◆ Activity
Please restate exactly the lines of the data below, beginning with the line containing "unnamed: D1.1 (K), GOAL1.1 (DO), R3.1" and ending with the last line.

◆ Given records

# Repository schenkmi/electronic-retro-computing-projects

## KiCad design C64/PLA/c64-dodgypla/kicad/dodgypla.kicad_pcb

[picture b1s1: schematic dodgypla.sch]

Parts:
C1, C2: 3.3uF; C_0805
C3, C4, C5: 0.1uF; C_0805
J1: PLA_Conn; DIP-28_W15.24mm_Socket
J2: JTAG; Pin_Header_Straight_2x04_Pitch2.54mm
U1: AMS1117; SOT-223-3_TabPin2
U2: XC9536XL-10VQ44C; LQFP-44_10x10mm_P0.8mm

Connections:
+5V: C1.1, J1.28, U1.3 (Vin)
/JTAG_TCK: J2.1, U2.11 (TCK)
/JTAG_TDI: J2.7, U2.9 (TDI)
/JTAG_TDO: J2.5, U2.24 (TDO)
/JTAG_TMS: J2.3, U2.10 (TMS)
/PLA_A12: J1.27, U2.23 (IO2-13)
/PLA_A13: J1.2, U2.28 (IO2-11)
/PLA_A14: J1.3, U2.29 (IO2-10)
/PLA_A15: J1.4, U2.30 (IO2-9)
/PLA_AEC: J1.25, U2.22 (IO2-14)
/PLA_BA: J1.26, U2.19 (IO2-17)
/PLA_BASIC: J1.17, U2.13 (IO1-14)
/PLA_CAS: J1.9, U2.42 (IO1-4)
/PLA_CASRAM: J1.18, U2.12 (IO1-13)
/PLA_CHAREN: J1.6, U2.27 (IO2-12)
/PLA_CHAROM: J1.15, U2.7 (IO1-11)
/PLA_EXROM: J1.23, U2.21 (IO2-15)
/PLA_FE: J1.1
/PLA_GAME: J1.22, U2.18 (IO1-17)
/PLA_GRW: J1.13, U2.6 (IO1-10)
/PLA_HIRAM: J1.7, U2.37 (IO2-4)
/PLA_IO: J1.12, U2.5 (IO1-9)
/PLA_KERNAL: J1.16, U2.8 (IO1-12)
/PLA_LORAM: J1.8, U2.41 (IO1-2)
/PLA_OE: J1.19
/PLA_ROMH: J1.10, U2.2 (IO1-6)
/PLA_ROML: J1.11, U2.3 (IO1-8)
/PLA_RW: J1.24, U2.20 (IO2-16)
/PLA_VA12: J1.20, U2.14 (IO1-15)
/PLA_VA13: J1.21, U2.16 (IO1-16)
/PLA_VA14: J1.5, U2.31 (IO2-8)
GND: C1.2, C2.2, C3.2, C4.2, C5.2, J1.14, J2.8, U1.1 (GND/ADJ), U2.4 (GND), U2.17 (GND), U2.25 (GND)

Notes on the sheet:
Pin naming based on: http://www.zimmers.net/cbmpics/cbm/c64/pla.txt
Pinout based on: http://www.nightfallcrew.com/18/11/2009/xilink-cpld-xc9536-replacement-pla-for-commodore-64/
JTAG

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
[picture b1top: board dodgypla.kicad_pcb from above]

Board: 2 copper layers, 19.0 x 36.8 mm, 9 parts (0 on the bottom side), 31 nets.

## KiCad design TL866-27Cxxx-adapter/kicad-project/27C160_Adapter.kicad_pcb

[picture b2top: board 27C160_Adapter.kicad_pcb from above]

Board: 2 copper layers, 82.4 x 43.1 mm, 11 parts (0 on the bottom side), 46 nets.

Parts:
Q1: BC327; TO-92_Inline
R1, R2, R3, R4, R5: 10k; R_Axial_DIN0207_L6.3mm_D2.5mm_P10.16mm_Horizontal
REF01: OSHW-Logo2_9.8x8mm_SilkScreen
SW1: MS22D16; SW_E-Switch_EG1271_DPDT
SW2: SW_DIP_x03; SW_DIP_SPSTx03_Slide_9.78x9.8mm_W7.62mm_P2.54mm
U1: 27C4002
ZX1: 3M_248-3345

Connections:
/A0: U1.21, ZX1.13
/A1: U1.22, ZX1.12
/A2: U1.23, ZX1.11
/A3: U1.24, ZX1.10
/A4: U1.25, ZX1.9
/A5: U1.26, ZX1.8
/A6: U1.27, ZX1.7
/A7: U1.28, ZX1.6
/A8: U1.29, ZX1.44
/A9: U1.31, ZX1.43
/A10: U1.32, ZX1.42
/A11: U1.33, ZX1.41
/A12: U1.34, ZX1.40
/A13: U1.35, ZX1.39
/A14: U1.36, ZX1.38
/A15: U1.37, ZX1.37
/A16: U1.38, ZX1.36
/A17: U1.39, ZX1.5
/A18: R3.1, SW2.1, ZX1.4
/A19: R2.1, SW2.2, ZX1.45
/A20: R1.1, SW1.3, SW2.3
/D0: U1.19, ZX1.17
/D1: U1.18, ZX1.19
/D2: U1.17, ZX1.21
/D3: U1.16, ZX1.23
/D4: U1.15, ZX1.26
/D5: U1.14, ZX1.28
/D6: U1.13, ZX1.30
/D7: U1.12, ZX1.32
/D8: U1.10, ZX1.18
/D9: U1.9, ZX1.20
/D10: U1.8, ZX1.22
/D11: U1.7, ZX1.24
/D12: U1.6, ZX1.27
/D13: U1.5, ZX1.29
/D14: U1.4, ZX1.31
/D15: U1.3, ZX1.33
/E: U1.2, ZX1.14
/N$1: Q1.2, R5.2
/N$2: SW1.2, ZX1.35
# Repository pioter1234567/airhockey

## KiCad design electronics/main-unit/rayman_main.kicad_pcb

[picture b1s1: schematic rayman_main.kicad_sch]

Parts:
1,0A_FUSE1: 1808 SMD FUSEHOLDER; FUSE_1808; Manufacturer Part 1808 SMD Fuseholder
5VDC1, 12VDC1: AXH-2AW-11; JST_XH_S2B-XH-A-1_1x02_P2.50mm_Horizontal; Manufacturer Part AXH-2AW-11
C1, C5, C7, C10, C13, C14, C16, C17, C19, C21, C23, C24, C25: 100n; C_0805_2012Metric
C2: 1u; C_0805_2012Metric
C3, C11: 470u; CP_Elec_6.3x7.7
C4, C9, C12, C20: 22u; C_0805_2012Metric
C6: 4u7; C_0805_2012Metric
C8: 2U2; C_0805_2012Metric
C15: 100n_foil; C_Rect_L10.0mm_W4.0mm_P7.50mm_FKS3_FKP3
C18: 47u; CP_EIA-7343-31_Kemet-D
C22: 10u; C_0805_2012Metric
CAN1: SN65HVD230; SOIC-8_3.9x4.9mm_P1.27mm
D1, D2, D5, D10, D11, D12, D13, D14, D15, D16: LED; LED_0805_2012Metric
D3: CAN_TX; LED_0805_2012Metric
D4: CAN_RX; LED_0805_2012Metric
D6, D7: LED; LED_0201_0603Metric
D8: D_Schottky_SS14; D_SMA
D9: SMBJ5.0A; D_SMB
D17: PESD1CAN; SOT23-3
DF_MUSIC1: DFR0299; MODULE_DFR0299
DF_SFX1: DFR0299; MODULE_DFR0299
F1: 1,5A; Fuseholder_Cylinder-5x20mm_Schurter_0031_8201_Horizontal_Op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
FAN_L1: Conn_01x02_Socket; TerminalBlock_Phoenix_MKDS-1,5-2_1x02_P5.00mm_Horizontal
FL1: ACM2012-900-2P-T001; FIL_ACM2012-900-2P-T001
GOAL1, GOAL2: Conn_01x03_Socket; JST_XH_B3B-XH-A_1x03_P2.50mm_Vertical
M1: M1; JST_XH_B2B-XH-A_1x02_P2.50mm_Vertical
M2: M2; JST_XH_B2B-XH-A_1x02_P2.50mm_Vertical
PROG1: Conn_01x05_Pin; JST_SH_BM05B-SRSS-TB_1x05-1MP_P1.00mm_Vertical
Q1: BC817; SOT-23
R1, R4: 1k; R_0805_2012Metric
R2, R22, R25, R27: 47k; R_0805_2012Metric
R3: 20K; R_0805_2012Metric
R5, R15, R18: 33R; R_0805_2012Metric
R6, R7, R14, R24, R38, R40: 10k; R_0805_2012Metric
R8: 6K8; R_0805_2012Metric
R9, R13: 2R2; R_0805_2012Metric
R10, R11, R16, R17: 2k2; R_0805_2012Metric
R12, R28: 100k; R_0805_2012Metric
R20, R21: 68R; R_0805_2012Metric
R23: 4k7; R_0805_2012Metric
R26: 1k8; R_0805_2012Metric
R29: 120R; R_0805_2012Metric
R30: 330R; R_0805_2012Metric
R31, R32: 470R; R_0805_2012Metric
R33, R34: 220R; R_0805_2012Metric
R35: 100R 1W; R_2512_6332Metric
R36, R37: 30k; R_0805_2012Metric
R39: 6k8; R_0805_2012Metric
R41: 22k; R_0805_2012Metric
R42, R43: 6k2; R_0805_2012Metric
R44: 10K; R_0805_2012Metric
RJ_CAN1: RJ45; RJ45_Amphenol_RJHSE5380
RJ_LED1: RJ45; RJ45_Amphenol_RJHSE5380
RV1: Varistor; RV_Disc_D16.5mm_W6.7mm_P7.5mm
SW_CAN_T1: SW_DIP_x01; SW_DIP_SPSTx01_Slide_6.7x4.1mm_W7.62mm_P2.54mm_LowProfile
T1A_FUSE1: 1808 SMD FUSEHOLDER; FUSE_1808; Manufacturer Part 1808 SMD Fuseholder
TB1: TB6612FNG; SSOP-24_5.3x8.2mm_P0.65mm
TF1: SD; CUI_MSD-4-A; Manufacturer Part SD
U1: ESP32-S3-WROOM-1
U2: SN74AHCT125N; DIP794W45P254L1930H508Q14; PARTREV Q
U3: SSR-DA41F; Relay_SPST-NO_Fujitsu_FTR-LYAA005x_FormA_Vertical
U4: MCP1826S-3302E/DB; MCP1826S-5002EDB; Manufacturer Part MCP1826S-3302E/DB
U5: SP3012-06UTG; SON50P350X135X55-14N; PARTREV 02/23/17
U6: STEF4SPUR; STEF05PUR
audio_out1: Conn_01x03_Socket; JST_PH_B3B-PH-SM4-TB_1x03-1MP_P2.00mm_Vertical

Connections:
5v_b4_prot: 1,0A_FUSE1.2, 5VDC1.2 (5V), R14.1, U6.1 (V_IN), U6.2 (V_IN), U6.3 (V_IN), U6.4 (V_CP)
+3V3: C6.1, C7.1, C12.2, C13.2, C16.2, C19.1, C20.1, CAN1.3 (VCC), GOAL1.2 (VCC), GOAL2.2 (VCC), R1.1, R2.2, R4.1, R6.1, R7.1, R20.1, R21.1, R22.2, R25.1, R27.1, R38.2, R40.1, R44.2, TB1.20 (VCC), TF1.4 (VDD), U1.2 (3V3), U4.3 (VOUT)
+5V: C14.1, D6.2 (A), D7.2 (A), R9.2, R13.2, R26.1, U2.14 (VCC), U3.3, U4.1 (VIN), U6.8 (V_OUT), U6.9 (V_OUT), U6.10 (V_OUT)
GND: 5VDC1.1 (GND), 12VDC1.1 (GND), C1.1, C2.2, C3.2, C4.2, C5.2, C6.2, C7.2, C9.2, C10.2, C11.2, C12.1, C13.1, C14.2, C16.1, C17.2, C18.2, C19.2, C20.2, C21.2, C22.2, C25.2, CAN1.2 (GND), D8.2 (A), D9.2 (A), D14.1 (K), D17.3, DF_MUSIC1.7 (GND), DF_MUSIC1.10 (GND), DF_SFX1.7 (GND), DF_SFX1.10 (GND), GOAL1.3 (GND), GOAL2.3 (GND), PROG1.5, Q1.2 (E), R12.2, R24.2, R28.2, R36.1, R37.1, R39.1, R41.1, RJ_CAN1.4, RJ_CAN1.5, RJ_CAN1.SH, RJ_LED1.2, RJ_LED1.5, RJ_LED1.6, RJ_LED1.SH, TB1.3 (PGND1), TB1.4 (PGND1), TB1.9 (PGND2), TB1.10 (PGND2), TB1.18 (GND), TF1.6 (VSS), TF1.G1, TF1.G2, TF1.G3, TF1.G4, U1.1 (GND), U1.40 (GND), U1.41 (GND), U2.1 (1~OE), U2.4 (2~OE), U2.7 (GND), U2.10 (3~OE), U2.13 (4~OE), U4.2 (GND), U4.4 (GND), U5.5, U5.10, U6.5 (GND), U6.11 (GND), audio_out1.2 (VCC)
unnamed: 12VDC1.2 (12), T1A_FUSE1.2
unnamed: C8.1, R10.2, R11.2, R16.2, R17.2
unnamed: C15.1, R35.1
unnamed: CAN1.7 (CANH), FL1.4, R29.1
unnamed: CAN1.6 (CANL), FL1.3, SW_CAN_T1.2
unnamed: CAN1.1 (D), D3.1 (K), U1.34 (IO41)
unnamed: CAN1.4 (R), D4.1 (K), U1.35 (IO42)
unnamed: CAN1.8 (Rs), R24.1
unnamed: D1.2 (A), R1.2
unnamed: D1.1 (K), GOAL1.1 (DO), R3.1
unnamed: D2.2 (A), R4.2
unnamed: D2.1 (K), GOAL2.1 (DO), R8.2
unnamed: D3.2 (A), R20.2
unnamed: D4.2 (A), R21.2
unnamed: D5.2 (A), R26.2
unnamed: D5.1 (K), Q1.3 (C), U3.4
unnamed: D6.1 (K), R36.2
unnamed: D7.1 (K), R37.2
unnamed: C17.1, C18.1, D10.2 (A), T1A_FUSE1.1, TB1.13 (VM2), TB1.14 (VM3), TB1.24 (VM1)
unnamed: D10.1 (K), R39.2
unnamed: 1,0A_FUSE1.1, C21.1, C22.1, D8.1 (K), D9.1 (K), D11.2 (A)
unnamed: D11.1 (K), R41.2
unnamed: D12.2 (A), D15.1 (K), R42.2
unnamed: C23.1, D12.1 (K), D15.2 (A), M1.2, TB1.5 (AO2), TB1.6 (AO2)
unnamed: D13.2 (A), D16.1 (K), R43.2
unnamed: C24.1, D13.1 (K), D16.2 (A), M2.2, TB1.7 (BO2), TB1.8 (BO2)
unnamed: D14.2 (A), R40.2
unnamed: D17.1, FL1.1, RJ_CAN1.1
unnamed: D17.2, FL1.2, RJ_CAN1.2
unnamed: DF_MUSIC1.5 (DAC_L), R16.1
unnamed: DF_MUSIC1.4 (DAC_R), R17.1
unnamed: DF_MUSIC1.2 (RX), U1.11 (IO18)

◆ Answer to this exercise
unnamed: D1.1 (K), GOAL1.1 (DO), R3.1
unnamed: D2.2 (A), R4.2
unnamed: D2.1 (K), GOAL2.1 (DO), R8.2
unnamed: D3.2 (A), R20.2
unnamed: D4.2 (A), R21.2
unnamed: D5.2 (A), R26.2
unnamed: D5.1 (K), Q1.3 (C), U3.4
unnamed: D6.1 (K), R36.2
unnamed: D7.1 (K), R37.2
unnamed: C17.1, C18.1, D10.2 (A), T1A_FUSE1.1, TB1.13 (VM2), TB1.14 (VM3), TB1.24 (VM1)
unnamed: D10.1 (K), R39.2
unnamed: 1,0A_FUSE1.1, C21.1, C22.1, D8.1 (K), D9.1 (K), D11.2 (A)
unnamed: D11.1 (K), R41.2
unnamed: D12.2 (A), D15.1 (K), R42.2
unnamed: C23.1, D12.1 (K), D15.2 (A), M1.2, TB1.5 (AO2), TB1.6 (AO2)
unnamed: D13.2 (A), D16.1 (K), R43.2
unnamed: C24.1, D13.1 (K), D16.2 (A), M2.2, TB1.7 (BO2), TB1.8 (BO2)
unnamed: D14.2 (A), R40.2
unnamed: D17.1, FL1.1, RJ_CAN1.1
unnamed: D17.2, FL1.2, RJ_CAN1.2
unnamed: DF_MUSIC1.5 (DAC_L), R16.1
unnamed: DF_MUSIC1.4 (DAC_R), R17.1
unnamed: DF_MUSIC1.2 (RX), U1.11 (IO18)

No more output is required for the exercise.